I want to make sure I get the right Pin Nock Bushings that specifically fit the Victory VAP Elite series arrow v1's. I will be using the gold tip HD mini pin nocks. 
I found these: Gold Tip Nock Pin Bushing .166 12 Pack Pierce 340/400/500 PIN166S12 #00403. Are they the ones I need? I don't care the brand, I just need a good pin nock bushing that will fit the VAP shafts very well and the gold tip pin nocks will fit snug as well. 
Thanks


----------



## Larry brown (Aug 17, 2013)

That’s the one I use with my VAP 400 spine with a gt mini hd pin nock. 


Sent from my iPhone using Tapatalk


----------



## adventurejack (Oct 30, 2006)

Thanks Larry, I have heard those do not have a great fit in the VAP's. Have you had any issues?


----------



## Larry brown (Aug 17, 2013)

adventurejack said:


> Thanks Larry, I have heard those do not have a great fit in the VAP's. Have you had any issues?

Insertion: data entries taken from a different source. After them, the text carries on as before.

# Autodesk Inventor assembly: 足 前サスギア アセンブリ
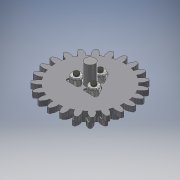
[picture p0: Inventor's stored thumbnail of the model, 180x180]
Saved by Autodesk Inventor 2016 (Build 200138000, 138)
## iProperties
Created: 2019-10-21
Part Number: 足 前サスギア アセンブリ
Material: 一般
Document SubType Name: Assembly
Designer: mozar
Author: mozar
## Documents named in this file (7)
- C:\Users\mozar\Desktop\院2年機\既製品\ねじ\足 前サスギア アセンブリ.iam
- C:\Users\mozar\Desktop\院2年機\足 前サス軸大ギア.ipt
- C:\Users\mozar\Desktop\院2年機\足 前サス軸ギア繋ぎカム.ipt
- C:\Users\mozar\Desktop\院2年機\足 前サス軸小ギア.ipt
- C:\Users\mozar\Desktop\院2年機\既製品\ねじ\ナイロンナットm3.ipt
- C:\Users\mozar\Desktop\院2年機\既製品\ねじ\SB　18mm皿ネジ.ipt
- C:\Users\mozar\Desktop\院2年機\既製品\平行ピン　φ6　長さ30.ipt
## Components (10 placed, 6 different names)
1. 足 前サス軸大ギア:1 — 挿入:1, 挿入:2, 挿入:5, 挿入:6, 挿入:7, メイト:1, メイト:2, メイト:3
2. 足 前サス軸ギア繋ぎカム:1 — 挿入:1, 挿入:2, 挿入:3, 挿入:4
3. 足 前サス軸小ギア:1 — 挿入:3, 挿入:4, 挿入:8, 挿入:9, 挿入:10, 挿入:11
4. ナイロンナットm3:1 — 挿入:5, メイト:1
5. ナイロンナットm3:2 — 挿入:6, メイト:2
6. ナイロンナットm3:3 — 挿入:7, メイト:3
7. SB　18mm皿ネジ:1 — 挿入:10
8. SB　18mm皿ネジ:2 — 挿入:9
9. SB　18mm皿ネジ:3 — 挿入:8
10. 平行ピン　φ6　長さ30:1 — 挿入:11
## Relationships (14: Insert 11, Mate 3)
- 挿入:1 [Insert]: 足 前サス軸大ギア:1 ↔ 足 前サス軸ギア繋ぎカム:1
- 挿入:2 [Insert]: 足 前サス軸大ギア:1 ↔ 足 前サス軸ギア繋ぎカム:1
- 挿入:3 [Insert]: 足 前サス軸ギア繋ぎカム:1 ↔ 足 前サス軸小ギア:1
- 挿入:4 [Insert]: 足 前サス軸ギア繋ぎカム:1 ↔ 足 前サス軸小ギア:1
- 挿入:5 [Insert]: 足 前サス軸大ギア:1 ↔ ナイロンナットm3:1
- 挿入:6 [Insert]: 足 前サス軸大ギア:1 ↔ ナイロンナットm3:2
- 挿入:7 [Insert]: 足 前サス軸大ギア:1 ↔ ナイロンナットm3:3
- メイト:1 [Mate]: 足 前サス軸大ギア:1 ↔ ナイロンナットm3:1
- メイト:2 [Mate]: 足 前サス軸大ギア:1 ↔ ナイロンナットm3:2
- メイト:3 [Mate]: 足 前サス軸大ギア:1 ↔ ナイロンナットm3:3
- 挿入:8 [Insert]: 足 前サス軸小ギア:1 ↔ SB　18mm皿ネジ:3
- 挿入:9 [Insert]: 足 前サス軸小ギア:1 ↔ SB　18mm皿ネジ:2
- 挿入:10 [Insert]: 足 前サス軸小ギア:1 ↔ SB　18mm皿ネジ:1
- 挿入:11 [Insert] (-5 mm): 足 前サス軸小ギア:1 ↔ 平行ピン　φ6　長さ30:1
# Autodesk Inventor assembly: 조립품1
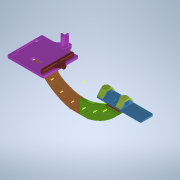
[picture p0: Inventor's stored thumbnail of the model, 180x180]
Saved by Autodesk Inventor 2021 (Build 250183000, 183)
## iProperties
Created: 2021-04-17
Part Number: 조립품1
Document SubType Name: Assembly
Designer: Dongyoon
Author: Dongyoon
## Documents named in this file (8)
- C:\Users\Dongyoon\Desktop\외주\첫번째-태양광\모델링\조립품1.iam
- C:\Users\Dongyoon\Desktop\외주\첫번째-태양광\모델링\Sun1.ipt
- C:\Users\Dongyoon\Desktop\외주\첫번째-태양광\모델링\sun2.ipt
- C:\Users\Dongyoon\Desktop\외주\첫번째-태양광\모델링\sun3.ipt
- C:\Users\Dongyoon\Desktop\외주\첫번째-태양광\모델링\sun4-1.ipt
- C:\Users\Dongyoon\Desktop\외주\첫번째-태양광\모델링\sun4-2.ipt
- C:\Users\Dongyoon\Desktop\외주\첫번째-태양광\모델링\wiper.ipt
- C:\Users\Dongyoon\Desktop\외주\첫번째-태양광\모델링\sun4-3.ipt
## Components (8 placed, 7 different names)
1. Sun1:1 — 메이트:7
2. sun2:1 — 메이트:1, 메이트:2, 플러쉬:1, 메이트:3, 플러쉬:2, 메이트:4, 플러쉬:5, 메이트:8, 메이트:12
3. sun3:1 — 메이트:1, 메이트:2, 플러쉬:1
4. sun3:2 — 메이트:3, 플러쉬:2, 메이트:4
5. sun4-1:1 — 메이트:5, 플러쉬:3, 플러쉬:4, 메이트:7
6. sun4-2:1 — 메이트:5, 플러쉬:3, 플러쉬:4, 플러쉬:5, 메이트:9, 메이트:10, 메이트:11
7. wiper:1 — 메이트:8
8. sun4-3:1 — 메이트:9, 메이트:10, 메이트:11, 메이트:12
## Relationships (16: Mate 11, Flush 5)
- 메이트:1 [Mate]: sun2:1 ↔ sun3:1
- 메이트:2 [Mate]: sun2:1 ↔ sun3:1
- 플러쉬:1 [Flush]: sun2:1 ↔ sun3:1
- 메이트:3 [Mate]: sun2:1 ↔ sun3:2
- 플러쉬:2 [Flush]: sun2:1 ↔ sun3:2
- 메이트:4 [Mate]: sun2:1 ↔ sun3:2
- 메이트:5 [Mate]: sun4-1:1 ↔ sun4-2:1
- 플러쉬:3 [Flush]: sun4-1:1 ↔ sun4-2:1
- 플러쉬:4 [Flush]: sun4-1:1 ↔ sun4-2:1
- 메이트:7 [Mate]: Sun1:1 ↔ sun4-1:1
- 플러쉬:5 [Flush]: sun2:1 ↔ sun4-2:1
- 메이트:8 [Mate] (155 mm): sun2:1 ↔ wiper:1
- 메이트:9 [Mate]: sun4-2:1 ↔ sun4-3:1
- 메이트:10 [Mate]: sun4-2:1 ↔ sun4-3:1
- 메이트:11 [Mate]: sun4-2:1 ↔ sun4-3:1
- 메이트:12 [Mate]: sun2:1 ↔ sun4-3:1

They are a little loose, I took a stick of hot melt and heated it and dabbed it on and they are rock solid. 
I used plastic bags to push em in and they held but would pull out if you didn’t hold it while pulling the nock off. I may try the pierce components myself when I get another dozen of these shafts to see. 


Sent from my iPhone using Tapatalk


----------



## adventurejack (Oct 30, 2006)

Gotcha, actually I contacted Lancaster and they said the Tophat bushings are great. So I ordered some.
Thanks Larry


----------